Anthropic is blowing the whistle on stolen AI.
On Monday, the AI firm said that it identified three major Chinese AI labs — DeepSeek, Moonshot, and MiniMax — carrying out “industrial-scale” model distillation campaigns, attempting to exfiltrate Claude’s capabilities to enhance their own models.
Anthropic detected around 24,000 fraudulent accounts between the three companies, generating over 16 million illicit exchanges in an attempt to piece together Claude’s outputs to better train their own models.
- While distillation, or training a less capable model with the outputs of a more capable one, is a common machine learning technique, doing so under the table extracts the model’s abilities without the “necessary safeguards,” Anthropic said.
- These safeguards prevent these models from being used maliciously, Anthropic said, such as to develop bioweapons or to carry out cyberattacks.
- “If distilled models are open-sourced, this risk multiplies as these capabilities spread freely beyond any single government's control,” the company said.
Anthropic laid out several tactics it’s using to stop these attacks, including detection techniques, intelligence sharing between AI labs, access controls and model-level countermeasures. However, the company said that there is a “narrow” window to act on this problem. “Addressing it will require rapid, coordinated action among industry players, policymakers, and the global AI community.”
“No company can solve this alone,” Anthropic added.
The firm is the third major AI company to call out this kind of attack this month: In mid-February, OpenAI and Google both highlighted the growing prevalence of model distillation attacks. These companies, too, addressed the risks of unauthorized model distillation lacking proper safeguards.
OpenAI specifically called out DeepSeek using these techniques to “free-ride” on its models while circumventing its safety restrictions, while Google said it observed “private sector entities all over the world and researchers seeking to clone proprietary logic.”

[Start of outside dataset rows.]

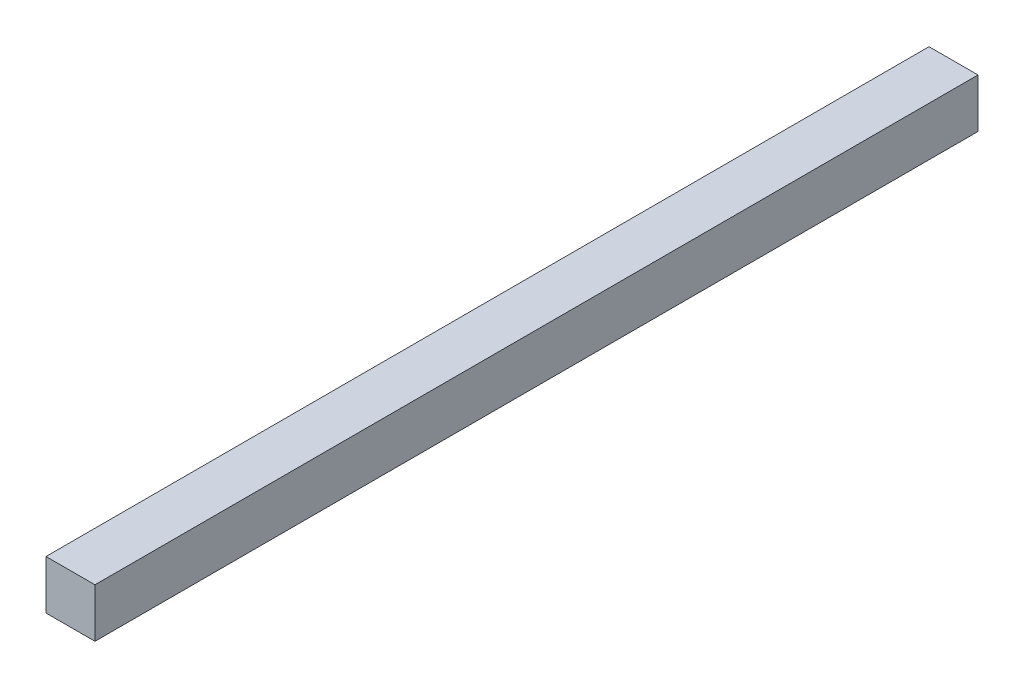
ISO-10303-21;
HEADER;
FILE_DESCRIPTION(('STEP AP214'),'2;1');
FILE_NAME('part.step','',(''),(''),'','','');
FILE_SCHEMA(('AUTOMOTIVE_DESIGN { 1 0 10303 214 1 1 1 1 }'));
ENDSEC;
DATA;
#1=APPLICATION_CONTEXT('core data for automotive mechanical design processes');
#2=APPLICATION_PROTOCOL_DEFINITION('international standard','automotive_design',2000,#1);
#3=PRODUCT_CONTEXT('',#1,'mechanical');
#4=PRODUCT('Part','Part','',(#3));
#5=PRODUCT_RELATED_PRODUCT_CATEGORY('part','',(#4));
#6=PRODUCT_DEFINITION_FORMATION('','',#4);
#7=PRODUCT_DEFINITION_CONTEXT('part definition',#1,'design');
#8=PRODUCT_DEFINITION('design','',#6,#7);
#9=PRODUCT_DEFINITION_SHAPE('','',#8);
#10=(LENGTH_UNIT() NAMED_UNIT(*) SI_UNIT(.MILLI.,.METRE.));
#11=(NAMED_UNIT(*) PLANE_ANGLE_UNIT() SI_UNIT($,.RADIAN.));
#12=(NAMED_UNIT(*) SI_UNIT($,.STERADIAN.) SOLID_ANGLE_UNIT());
#13=UNCERTAINTY_MEASURE_WITH_UNIT(LENGTH_MEASURE(1.E-05),#10,'distance_accuracy_value','');
#14=(GEOMETRIC_REPRESENTATION_CONTEXT(3) GLOBAL_UNCERTAINTY_ASSIGNED_CONTEXT((#13)) GLOBAL_UNIT_ASSIGNED_CONTEXT((#10,
#11,#12)) REPRESENTATION_CONTEXT('',''));
#15=CARTESIAN_POINT('',(0.,0.,0.));
#16=DIRECTION('',(0.,0.,1.));
#17=DIRECTION('',(1.,0.,0.));
#18=AXIS2_PLACEMENT_3D('',#15,#16,#17);
#19=CARTESIAN_POINT('',(2.22,-0.32,8.54));
#20=DIRECTION('',(0.,-1.,0.));
#21=DIRECTION('',(1.,0.,0.));
#22=AXIS2_PLACEMENT_3D('',#19,#20,#21);
#23=PLANE('',#22);
#24=DIRECTION('',(-1.,0.,0.));
#25=VECTOR('',#24,1.);
#26=CARTESIAN_POINT('',(2.22,-0.32,-3.));
#27=LINE('',#26,#25);
#28=CARTESIAN_POINT('',(2.86,-0.32,-3.));
#29=VERTEX_POINT('',#28);
#30=CARTESIAN_POINT('',(2.22,-0.32,-3.));
#31=VERTEX_POINT('',#30);
#32=EDGE_CURVE('E11',#29,#31,#27,.T.);
#33=ORIENTED_EDGE('',*,*,#32,.F.);
#34=DIRECTION('',(0.,0.,-1.));
#35=VECTOR('',#34,1.);
#36=CARTESIAN_POINT('',(2.86,-0.32,8.54));
#37=LINE('',#36,#35);
#38=CARTESIAN_POINT('',(2.86,-0.32,8.54));
#39=VERTEX_POINT('',#38);
#40=EDGE_CURVE('E24',#39,#29,#37,.T.);
#41=ORIENTED_EDGE('',*,*,#40,.F.);
#42=DIRECTION('',(-1.,0.,0.));
#43=VECTOR('',#42,1.);
#44=CARTESIAN_POINT('',(2.22,-0.32,8.54));
#45=LINE('',#44,#43);
#46=CARTESIAN_POINT('',(2.22,-0.32,8.54));
#47=VERTEX_POINT('',#46);
#48=EDGE_CURVE('E84',#39,#47,#45,.T.);
#49=ORIENTED_EDGE('',*,*,#48,.T.);
#50=DIRECTION('',(0.,0.,-1.));
#51=VECTOR('',#50,1.);
#52=CARTESIAN_POINT('',(2.22,-0.32,8.54));
#53=LINE('',#52,#51);
#54=EDGE_CURVE('E82',#47,#31,#53,.T.);
#55=ORIENTED_EDGE('',*,*,#54,.T.);
#56=EDGE_LOOP('',(#33,#41,#49,#55));
#57=FACE_BOUND('',#56,.T.);
#58=ADVANCED_FACE('F17',(#57),#23,.T.);
#59=CARTESIAN_POINT('',(2.22,0.32,8.54));
#60=DIRECTION('',(-1.,0.,0.));
#61=DIRECTION('',(0.,-1.,0.));
#62=AXIS2_PLACEMENT_3D('',#59,#60,#61);
#63=PLANE('',#62);
#64=DIRECTION('',(0.,1.,0.));
#65=VECTOR('',#64,1.);
#66=CARTESIAN_POINT('',(2.22,0.32,-3.));
#67=LINE('',#66,#65);
#68=CARTESIAN_POINT('',(2.22,0.32,-3.));
#69=VERTEX_POINT('',#68);
#70=EDGE_CURVE('E56',#31,#69,#67,.T.);
#71=ORIENTED_EDGE('',*,*,#70,.F.);
#72=ORIENTED_EDGE('',*,*,#54,.F.);
#73=DIRECTION('',(0.,1.,0.));
#74=VECTOR('',#73,1.);
#75=CARTESIAN_POINT('',(2.22,0.32,8.54));
#76=LINE('',#75,#74);
#77=CARTESIAN_POINT('',(2.22,0.32,8.54));
#78=VERTEX_POINT('',#77);
#79=EDGE_CURVE('E79',#47,#78,#76,.T.);
#80=ORIENTED_EDGE('',*,*,#79,.T.);
#81=DIRECTION('',(0.,0.,-1.));
#82=VECTOR('',#81,1.);
#83=CARTESIAN_POINT('',(2.22,0.32,8.54));
#84=LINE('',#83,#82);
#85=EDGE_CURVE('E77',#78,#69,#84,.T.);
#86=ORIENTED_EDGE('',*,*,#85,.T.);
#87=EDGE_LOOP('',(#71,#72,#80,#86));
#88=FACE_BOUND('',#87,.T.);
#89=ADVANCED_FACE('F90',(#88),#63,.T.);
#90=CARTESIAN_POINT('',(2.22,0.32,8.54));
#91=DIRECTION('',(0.,0.,1.));
#92=DIRECTION('',(1.,0.,0.));
#93=AXIS2_PLACEMENT_3D('',#90,#91,#92);
#94=PLANE('',#93);
#95=ORIENTED_EDGE('',*,*,#79,.F.);
#96=ORIENTED_EDGE('',*,*,#48,.F.);
#97=DIRECTION('',(0.,-1.,0.));
#98=VECTOR('',#97,1.);
#99=CARTESIAN_POINT('',(2.86,0.32,8.54));
#100=LINE('',#99,#98);
#101=CARTESIAN_POINT('',(2.86,0.32,8.54));
#102=VERTEX_POINT('',#101);
#103=EDGE_CURVE('E75',#102,#39,#100,.T.);
#104=ORIENTED_EDGE('',*,*,#103,.F.);
#105=DIRECTION('',(1.,0.,0.));
#106=VECTOR('',#105,1.);
#107=CARTESIAN_POINT('',(2.22,0.32,8.54));
#108=LINE('',#107,#106);
#109=EDGE_CURVE('E61',#78,#102,#108,.T.);
#110=ORIENTED_EDGE('',*,*,#109,.F.);
#111=EDGE_LOOP('',(#95,#96,#104,#110));
#112=FACE_BOUND('',#111,.T.);
#113=ADVANCED_FACE('F91',(#112),#94,.T.);
#114=CARTESIAN_POINT('',(2.22,0.32,-3.));
#115=DIRECTION('',(0.,0.,1.));
#116=DIRECTION('',(1.,0.,0.));
#117=AXIS2_PLACEMENT_3D('',#114,#115,#116);
#118=PLANE('',#117);
#119=ORIENTED_EDGE('',*,*,#70,.T.);
#120=DIRECTION('',(1.,0.,0.));
#121=VECTOR('',#120,1.);
#122=CARTESIAN_POINT('',(2.22,0.32,-3.));
#123=LINE('',#122,#121);
#124=CARTESIAN_POINT('',(2.86,0.32,-3.));
#125=VERTEX_POINT('',#124);
#126=EDGE_CURVE('E51',#69,#125,#123,.T.);
#127=ORIENTED_EDGE('',*,*,#126,.T.);
#128=DIRECTION('',(0.,-1.,0.));
#129=VECTOR('',#128,1.);
#130=CARTESIAN_POINT('',(2.86,0.32,-3.));
#131=LINE('',#130,#129);
#132=EDGE_CURVE('E54',#125,#29,#131,.T.);
#133=ORIENTED_EDGE('',*,*,#132,.T.);
#134=ORIENTED_EDGE('',*,*,#32,.T.);
#135=EDGE_LOOP('',(#119,#127,#133,#134));
#136=FACE_BOUND('',#135,.T.);
#137=ADVANCED_FACE('F53',(#136),#118,.F.);
#138=CARTESIAN_POINT('',(2.86,0.32,8.54));
#139=DIRECTION('',(1.,0.,0.));
#140=DIRECTION('',(0.,1.,0.));
#141=AXIS2_PLACEMENT_3D('',#138,#139,#140);
#142=PLANE('',#141);
#143=ORIENTED_EDGE('',*,*,#132,.F.);
#144=DIRECTION('',(0.,0.,-1.));
#145=VECTOR('',#144,1.);
#146=CARTESIAN_POINT('',(2.86,0.32,8.54));
#147=LINE('',#146,#145);
#148=EDGE_CURVE('E67',#102,#125,#147,.T.);
#149=ORIENTED_EDGE('',*,*,#148,.F.);
#150=ORIENTED_EDGE('',*,*,#103,.T.);
#151=ORIENTED_EDGE('',*,*,#40,.T.);
#152=EDGE_LOOP('',(#143,#149,#150,#151));
#153=FACE_BOUND('',#152,.T.);
#154=ADVANCED_FACE('F65',(#153),#142,.T.);
#155=CARTESIAN_POINT('',(2.22,0.32,8.54));
#156=DIRECTION('',(0.,1.,0.));
#157=DIRECTION('',(-1.,0.,0.));
#158=AXIS2_PLACEMENT_3D('',#155,#156,#157);
#159=PLANE('',#158);
#160=ORIENTED_EDGE('',*,*,#126,.F.);
#161=ORIENTED_EDGE('',*,*,#85,.F.);
#162=ORIENTED_EDGE('',*,*,#109,.T.);
#163=ORIENTED_EDGE('',*,*,#148,.T.);
#164=EDGE_LOOP('',(#160,#161,#162,#163));
#165=FACE_BOUND('',#164,.T.);
#166=ADVANCED_FACE('F70',(#165),#159,.T.);
#167=CLOSED_SHELL('',(#58,#89,#113,#137,#154,#166));
#168=MANIFOLD_SOLID_BREP('B1',#167);
#169=ADVANCED_BREP_SHAPE_REPRESENTATION('',(#18,#168),#14);
#170=SHAPE_DEFINITION_REPRESENTATION(#9,#169);
ENDSEC;
END-ISO-10303-21;

These warnings also come as open-source Chinese AI skyrockets in popularity as an affordable alternative to proprietary model providers. Amid the growing demand, Chinese firms are taking a leading role, with DeepSeek preparing its next model release and Alibaba, Moonshot and Minimax unveiling their own new models in recent weeks.
Our Deeper View
Unauthorized model distillation presents a double-barreled attack for Anthropic. Of all the major AI firms, Anthropic is the most closed-off, not offering any open-source versions of its flagship models. It’s also the most focused on safety, having made itself the poster child for doing AI responsibly and ethically. Along with diluting Claude’s secret sauce by spreading its capabilities far and wide, if used for malicious, unethical or dangerous practices, these techniques threaten the foundation that Anthropic was built on. The big question will be how well fierce rivals Anthropic, OpenAI, and Google can effectively collaborate to stop model distillation attacks.